Interestingly enough, some of us might actually resist it initially, feeling unworthy of that which we seek. But with time and with good, necessary therapeutic work, we learn that it's ok to accept love. That then opens the door to our individual and intimate journey of true healing and pursuit of the best possible version of ourselves. We know ourselves better, are more comfortable in our own skin. And with that, our emotional struggles that clouded our thinking tend to dissipate, thus allowing for greater capacity for clarity.


And this doesn't just apply to our individual selves, but to our communities, to our nation, to our world. The capacity to heal at the individual, communal, and global level is ever present, even if it's obscured and tamped down...out of sight.

The capacity to heal exists.

It always has.

We, in fact, come to recognize that the doorway to the space of healing is inherent within ourselves...that we actually didn't have to look that far.


So be it at the micro level of our individual work towards greater emotional health, or at the macro level of societal healing and growth that allows for clarity of purpose as a common people - the healing is the same. The pursuit of clarity is the same.


Conversely, when authentic validation, listening, understanding, care, and love are not provided, another door opens - one of darkness, absolutism, dogma, and hate.

I believe that at its core lies fear. Fear obscures clarity.


From a communal and societal perspective, when voices speak loudly to the seductive appeal of fear, it can trigger something primal in us (part of that is the fight/flight/freeze response). We then get stuck in the fetid miasma of self centeredness, malignant narcissism, constriction, depletion, confusion, and hate. For some of us, we can't help but breathe more of it in, until we lose ourselves in this darkness.


But there's another way.

Give validation and you will, eventually, receive validation.

Give listening, understanding, care and love, and you will, eventually, receive listening, understanding, care and love.

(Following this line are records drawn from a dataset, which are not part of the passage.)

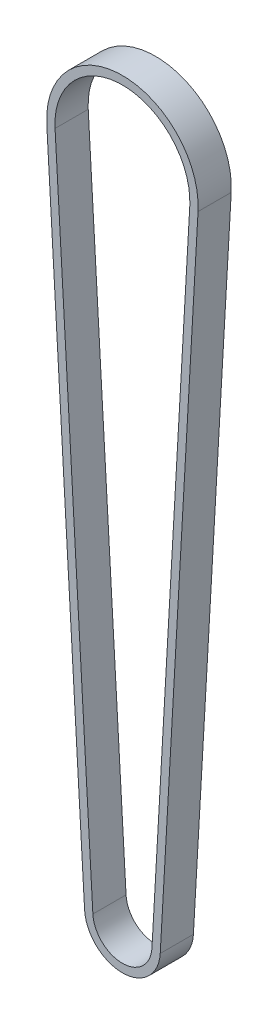
SolidWorks part; units mm, degrees
material "VITON"
ref_plane "Front" through (0, 0, 0) normal (0, 0, 1) x (1, 0, 0)
ref_plane "Top" through (0, 0, 0) normal (0, 1, 0) x (1, 0, 0)
ref_plane "Right" through (0, 0, 0) normal (1, 0, 0) x (0, 0, -1)
sketch "Sketch1" plane through (0, 0, 0) normal (0, 0, 1) x (1, 0, 0)
  line L0 (0, 60) -> (0, -60) construction
  line L1 (-13.6777, 59.218) -> (-6.8388, -60.391)
  line L2 (6.8388, -60.391) -> (13.6777, 59.218)
  arc A0 (-13.6777, 59.218) -> (13.6777, 59.218) centre (0, 60) cw
  arc A1 (-6.8388, -60.391) -> (6.8388, -60.391) centre (0, -60) ccw
  dimension "D1" = 120
  dimension "D2" = 6.85
  dimension "D3" = 13.7
extrude "Extrude-Thin1" add sketch "Sketch1" along normal mid plane 6 thin contours L2 A0 L1 A1 thin type one direction reverse wall 1.5
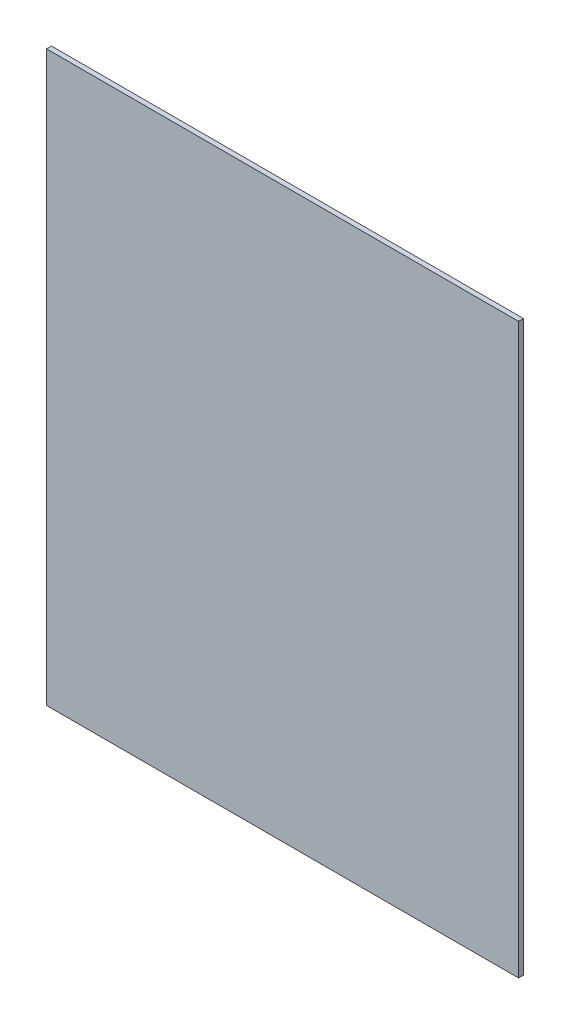
SolidWorks part; units mm, degrees
ref_plane "Plan de face" through (0, 0, 0) normal (0, 0, 1) x (1, 0, 0)
ref_plane "Plan de dessus" through (0, 0, 0) normal (0, 1, 0) x (1, 0, 0)
ref_plane "Plan de droite" through (0, 0, 0) normal (1, 0, 0) x (0, 0, -1)
sketch "Esquisse1" plane through (0, 0, 0) normal (0, 0, 1) x (1, 0, 0)
  line L1 (-312.5, -376.5) -> (312.5, -376.5)
  line L2 (-312.5, -376.5) -> (-312.5, 376.5)
  line L3 (-312.5, 376.5) -> (312.5, 376.5)
  line L4 (312.5, -376.5) -> (312.5, 376.5)
  line L5 (-312.5, -376.5) -> (312.5, 376.5) construction
  line L6 (-312.5, 376.5) -> (312.5, -376.5) construction
  point P0 (0, 0)
  dimension "D1" = 753
  dimension "D2" = 625
extrude "Boss.-Extru.1" add sketch "Esquisse1" along normal blind 6.5
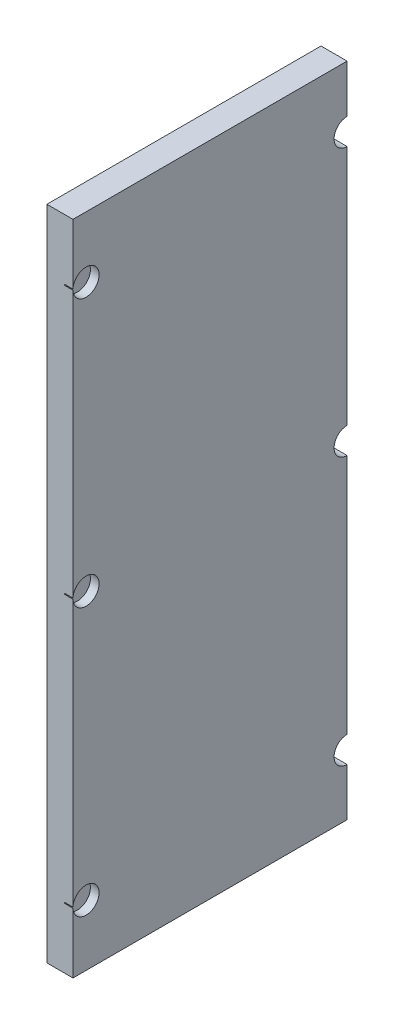
SolidWorks part; units mm, degrees
ref_plane "Спереди" through (0, 0, 0) normal (0, 0, 1) x (1, 0, 0)
ref_plane "Сверху" through (0, 0, 0) normal (0, 1, 0) x (1, 0, 0)
ref_plane "Справа" through (0, 0, 0) normal (1, 0, 0) x (0, 0, -1)
other "Configuration Table"
sketch "Эскиз1" plane through (0, 0, 0) normal (0, 0, 1) x (1, 0, 0)
  line L1 (0, 0) -> (3, 0)
  line L2 (0, 0) -> (0, 74)
  line L3 (0, 74) -> (3, 74)
  line L4 (3, 0) -> (3, 74)
extrude "Бобышка-Вытянуть1" add sketch "Эскиз1" along normal blind 31.5
sketch "Эскиз2" plane through (0, 0, 0) normal (0, 0, 1) x (1, 0, 0)
  line L1 (0, 74) -> (3, 74)
  line L2 (0, 74) -> (0, 75.5)
  line L3 (0, 75.5) -> (3, 75.5)
  line L4 (3, 74) -> (3, 75.5)
extrude "side_rear_extension_1p5mm" add sketch "Эскиз2" along normal blind 31.5
sketch "Эскиз3" plane through (3, 0, 0) normal (1, 0, 0) x (0, 0, -1)
  circle A0 centre (-30.001, 7) radius 1.5
  circle A1 centre (-30.001, 37.75) radius 1.5
  circle A2 centre (-30.001, 68.5) radius 1.5
extrude "side_top_edge_magnet_pockets_D3_depth1_3x" cut sketch "Эскиз3" against normal blind 1
sketch "Эскиз4" plane through (0, 0, 0) normal (-1, 0, 0) x (0, 0, 1)
  line L0 (0, 5.5) -> (0, 8.5)
  line L1 (0, 36.25) -> (0, 39.25)
  line L2 (0, 67) -> (0, 70)
  arc A0 (0, 5.5) -> (0, 8.5) centre (0, 7) ccw
  arc A1 (0, 36.25) -> (0, 39.25) centre (0, 37.75) ccw
  arc A2 (0, 67) -> (0, 70) centre (0, 68.5) ccw
extrude "side_bottom_edge_semicircles_D3_through_3x" cut sketch "Эскиз4" against normal blind 4
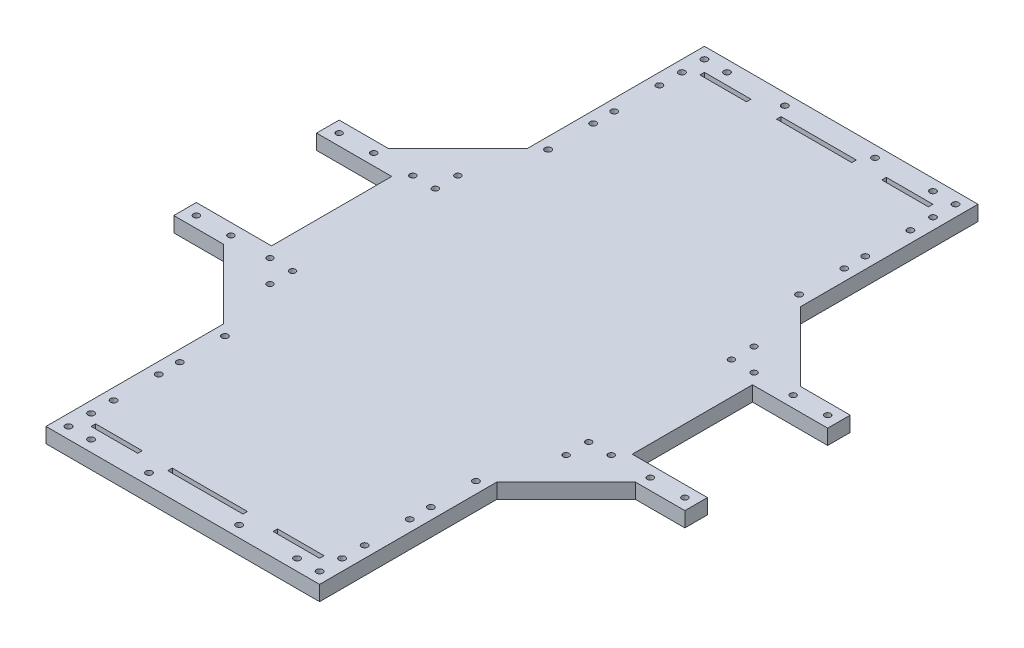
SolidWorks part; units mm, degrees
ref_plane "Front Plane" through (0, 0, 0) normal (0, 0, 1) x (1, 0, 0)
ref_plane "Top Plane" through (0, 0, 0) normal (0, 1, 0) x (1, 0, 0)
ref_plane "Right Plane" through (0, 0, 0) normal (1, 0, 0) x (0, 0, -1)
sketch "Sketch1" plane through (0, 0, 0) normal (0, 1, 0) x (1, 0, 0)
  line L0 (91, 101) -> (137, 55)
  line L1 (-91, -219) -> (91, -219)
  line L2 (-91, -219) -> (-91, 219)
  line L3 (-91, 219) -> (91, 219)
  line L4 (91, -219) -> (91, 219)
  line L5 (-91, -219) -> (91, 219) construction
  line L6 (-91, 219) -> (91, -219) construction
  line L7 (-170, -55) -> (170, -55)
  line L8 (-170, -55) -> (-170, 55)
  line L9 (-170, 55) -> (170, 55)
  line L10 (170, -55) -> (170, 55)
  line L11 (-170, -55) -> (170, 55) construction
  line L12 (-170, 55) -> (170, -55) construction
  line L13 (-91, 101) -> (-137, 55)
  line L14 (-65.62, 0) -> (65.62, 0) construction
  line L15 (91, -101) -> (137, -55)
  line L16 (-91, -101) -> (-137, -55)
  circle A0 centre (0, 0) radius 82.5
  circle A1 centre (0, 0) radius 22.1 construction
  circle A2 centre (0, 0) radius 135 construction
  point P22 (0, 0)
  dimension "D3" = 165
  dimension "D6" = 44.2
  dimension "D7" = 270
  dimension "D1" = 438
  dimension "D2" = 182
  dimension "D4" = 110
  dimension "D5" = 340
  dimension "D8" = 135
  dimension "D9" = 135
  dimension "D10" = 33
  dimension "D11" = 33
extrude "Boss-Extrude1" add sketch "Sketch1" along normal blind 10 contours A0 L9 L4 L3 L2 | L2 L13 L9 | L9 L8 L7 L2 | A0 L7 L2 L1 L4 | A0 L9 L2 L7 | L9 A0 | L7 A0 L9 A1 | L7 A0 | A0 L7 L4 L9 | L7 L10 L9 L4 | L4 L9 L0 | L4 L15 L7 | L16 L2 L7
sketch "Sketch2" plane through (0, 10, 0) normal (0, 1, 0) x (1, 0, 0)
  line L0 (-170, -55) -> (-170, 55) construction
  line L1 (-170, 40) -> (-120, 40)
  line L2 (-170, 40) -> (-170, -40)
  line L3 (-170, -40) -> (-120, -40)
  line L4 (-120, 40) -> (-120, -40)
  line L5 (-170, 40) -> (-120, -40) construction
  line L6 (-170, -40) -> (-120, 40) construction
  line L7 (-145, 0) -> (-145, 55) construction
  line L8 (-170, 55) -> (-137, 55) construction
  line L9 (-145, 0) -> (-145, -55) construction
  line L10 (-170, -55) -> (-137, -55) construction
  line L11 (-153.5, 55) -> (-153.5, 40) construction
  line L12 (-158.7842, 0) -> (-131.2158, 0) construction
  line L13 (-153.5, -40) -> (-153.5, -55) construction
  line L14 (0, -51.1232) -> (0, 51.1232) construction
  line L15 (153.5, -40) -> (153.5, -55) construction
  line L16 (158.7842, 0) -> (131.2158, 0) construction
  line L17 (153.5, 55) -> (153.5, 40) construction
  line L18 (145, 0) -> (145, -55) construction
  line L19 (145, 0) -> (145, 55) construction
  line L20 (170, -40) -> (120, 40) construction
  line L21 (170, 40) -> (120, -40) construction
  line L26 (120, 40) -> (120, -40)
  line L27 (170, -40) -> (120, -40)
  line L28 (170, 40) -> (170, -40)
  line L29 (170, 40) -> (120, 40)
  circle A0 centre (-162.5, 47.5) radius 2
  circle A1 centre (-139.5, 47.5) radius 2
  circle A2 centre (-139.5, -47.5) radius 2
  circle A3 centre (-162.5, -47.5) radius 2
  circle A8 centre (-113.5, 47.5) radius 2
  circle A9 centre (-98.5, 47.5) radius 2
  circle A10 centre (-98.5, 62.5) radius 2
  circle A11 centre (-98.5, -62.5) radius 2
  circle A12 centre (-98.5, -47.5) radius 2
  circle A13 centre (-113.5, -47.5) radius 2
  circle A14 centre (113.5, -47.5) radius 2
  circle A15 centre (98.5, -47.5) radius 2
  circle A16 centre (98.5, -62.5) radius 2
  circle A17 centre (98.5, 62.5) radius 2
  circle A18 centre (98.5, 47.5) radius 2
  circle A19 centre (113.5, 47.5) radius 2
  circle A20 centre (162.5, -47.5) radius 2
  circle A21 centre (139.5, -47.5) radius 2
  circle A22 centre (139.5, 47.5) radius 2
  circle A23 centre (162.5, 47.5) radius 2
  point P4 (-145, 0)
  point P26 (-145, 0)
  point P35 (0, 0)
  point P62 (-113.5, 47.5)
  point P63 (0, 0)
  point P64 (0, 0)
  point P65 (0, 0)
  point P82 (145, 0)
  point P83 (145, 0)
  point P84 (0, 0)
  dimension "D3" = 4
  dimension "D1" = 15
  dimension "D2" = 50
  dimension "D4" = 7.5
  dimension "D5" = 7.5
  dimension "D6" = 23
  dimension "D7" = 15
  dimension "D8" = 26
  dimension "D9" = 15
extrude "Cut-Extrude1" cut sketch "Sketch2" against normal through all
sketch "Sketch3" plane through (0, 10, 0) normal (0, 1, 0) x (1, 0, 0)
  line L0 (-39.7935, 0) -> (39.7935, 0) construction
  line L1 (-91, 219) -> (91, 219) construction
  line L2 (-25, 204) -> (25, 204)
  line L3 (-25, 204) -> (-25, 201)
  line L4 (-25, 201) -> (25, 201)
  line L5 (25, 204) -> (25, 201)
  line L6 (-25, 204) -> (25, 201) construction
  line L7 (-25, 201) -> (25, 204) construction
  line L8 (-60.5, 202.5) -> (0, 202.5) construction
  line L9 (45, 204) -> (76, 204)
  line L10 (45, 204) -> (45, 201)
  line L11 (45, 201) -> (76, 201)
  line L12 (76, 204) -> (76, 201)
  line L13 (45, 204) -> (76, 201) construction
  line L14 (45, 201) -> (76, 204) construction
  line L15 (-45, 204) -> (-76, 204)
  line L16 (-45, 204) -> (-45, 201)
  line L17 (-45, 201) -> (-76, 201)
  line L18 (-76, 204) -> (-76, 201)
  line L19 (-45, 204) -> (-76, 201) construction
  line L20 (-45, 201) -> (-76, 204) construction
  line L21 (0, 202.5) -> (60.5, 202.5) construction
  line L22 (-30, 211.5) -> (30, 211.5) construction
  line L23 (0, 219) -> (0, 204) construction
  line L24 (0, -219) -> (0, -204) construction
  line L25 (-30, -211.5) -> (30, -211.5) construction
  line L26 (0, -202.5) -> (60.5, -202.5) construction
  line L27 (-45, -201) -> (-76, -204) construction
  line L28 (-45, -204) -> (-76, -201) construction
  line L29 (45, -201) -> (76, -204) construction
  line L30 (45, -204) -> (76, -201) construction
  line L31 (-60.5, -202.5) -> (0, -202.5) construction
  line L32 (-25, -201) -> (25, -204) construction
  line L33 (-25, -204) -> (25, -201) construction
  line L34 (-76, -204) -> (-76, -201)
  line L35 (-45, -201) -> (-76, -201)
  line L36 (-45, -204) -> (-45, -201)
  line L37 (-45, -204) -> (-76, -204)
  line L38 (76, -204) -> (76, -201)
  line L39 (45, -201) -> (76, -201)
  line L40 (45, -204) -> (45, -201)
  line L41 (45, -204) -> (76, -204)
  line L42 (25, -204) -> (25, -201)
  line L43 (-25, -201) -> (25, -201)
  line L44 (-25, -204) -> (-25, -201)
  line L45 (-25, -204) -> (25, -204)
  circle A0 centre (-30, 211.5) radius 2.1
  circle A1 centre (30, 211.5) radius 2.1
  circle A2 centre (68.5, 211.5) radius 2.1
  circle A3 centre (83.5, 211.5) radius 2.1
  circle A4 centre (83.5, 196.5) radius 2.1
  circle A5 centre (83.5, 181.5) radius 2.1
  circle A6 centre (83.5, 151.5) radius 2.1
  circle A7 centre (83.5, 137.5) radius 2.1
  circle A8 centre (83.5, 107.5) radius 2.1
  circle A10 centre (-83.5, 107.5) radius 2.1
  circle A11 centre (-83.5, 137.5) radius 2.1
  circle A12 centre (-83.5, 151.5) radius 2.1
  circle A13 centre (-83.5, 181.5) radius 2.1
  circle A14 centre (-83.5, 196.5) radius 2.1
  circle A15 centre (-83.5, 211.5) radius 2.1
  circle A16 centre (-68.5, 211.5) radius 2.1
  circle A17 centre (-68.5, -211.5) radius 2.1
  circle A18 centre (-83.5, -211.5) radius 2.1
  circle A19 centre (-83.5, -196.5) radius 2.1
  circle A20 centre (-83.5, -181.5) radius 2.1
  circle A21 centre (-83.5, -151.5) radius 2.1
  circle A22 centre (-83.5, -137.5) radius 2.1
  circle A23 centre (-83.5, -107.5) radius 2.1
  circle A24 centre (83.5, -107.5) radius 2.1
  circle A25 centre (83.5, -137.5) radius 2.1
  circle A26 centre (83.5, -151.5) radius 2.1
  circle A27 centre (83.5, -181.5) radius 2.1
  circle A28 centre (83.5, -196.5) radius 2.1
  circle A29 centre (83.5, -211.5) radius 2.1
  circle A30 centre (68.5, -211.5) radius 2.1
  circle A31 centre (30, -211.5) radius 2.1
  circle A32 centre (-30, -211.5) radius 2.1
  point P8 (0, 202.5)
  point P12 (0, 219)
  point P18 (60.5, 202.5)
  point P21 (-60.5, 202.5)
  point P24 (0, 211.5)
  point P26 (0, 211.5)
  point P67 (0, 0)
  point P112 (-60.5, -202.5)
  point P113 (60.5, -202.5)
  point P114 (0, -202.5)
  dimension "D2" = 4.2
  dimension "D1" = 60
  dimension "D3" = 50
  dimension "D4" = 3
  dimension "D5" = 15
  dimension "D6" = 31
  dimension "D7" = 60.5
  dimension "D8" = 38.5
  dimension "D9" = 15
  dimension "D10" = 15
  dimension "D11" = 15
  dimension "D12" = 30
  dimension "D13" = 14
  dimension "D14" = 30
extrude "Cut-Extrude2" cut sketch "Sketch3" against normal through all

And from a societal perspective, this doesn't mean that we don't also embrace thoughtful and righteous outrage at the atrocities inflicted upon others and ourselves - but that we respond with mindful action rather than primitive reaction. That we embrace the teachings of authentic leaders, where we come to understand that we are all to each other the following:

Sister.

Brother.

Mother.

Father.

Daughter.

Son.


In the end, I guess the Golden Rule really does apply: "Do unto others as you would have them do unto you." Luke 6:31

But perhaps the verse in Leviticus is more apt: "Whatever is hateful to you, do not do unto your fellow man."

These verses were highlighted in a recent Daily News article by Jennifer Anne Moses, where she identified that the difference between the two is that the first implies a state of reciprocity, whereas the second more directly focuses on our unilaterally kind action towards others.

Ms. Moses goes on to talk about how coming from a position of love is imperative, but that it's ultimately not sustainable. It needs something else. That something else is justice. And specifically, justice influenced and guided by love:

"Justice, however, is a different matter: the ultimate criterion, love made into law,

something you have to do whether you feel like it or not.

Love institutionalized - in the Constitution and the Bill of Rights - is the foundation

of American democracy."


Justice influenced and guided by love; that strikes me as a rock steady framework to follow.


Because, ultimately...

Love is more powerful than hate.

Hope is more powerful than fear.

Light is more powerful than darkness.

Justice is more powerful than dogma.


And there can be Clarity within Crisis.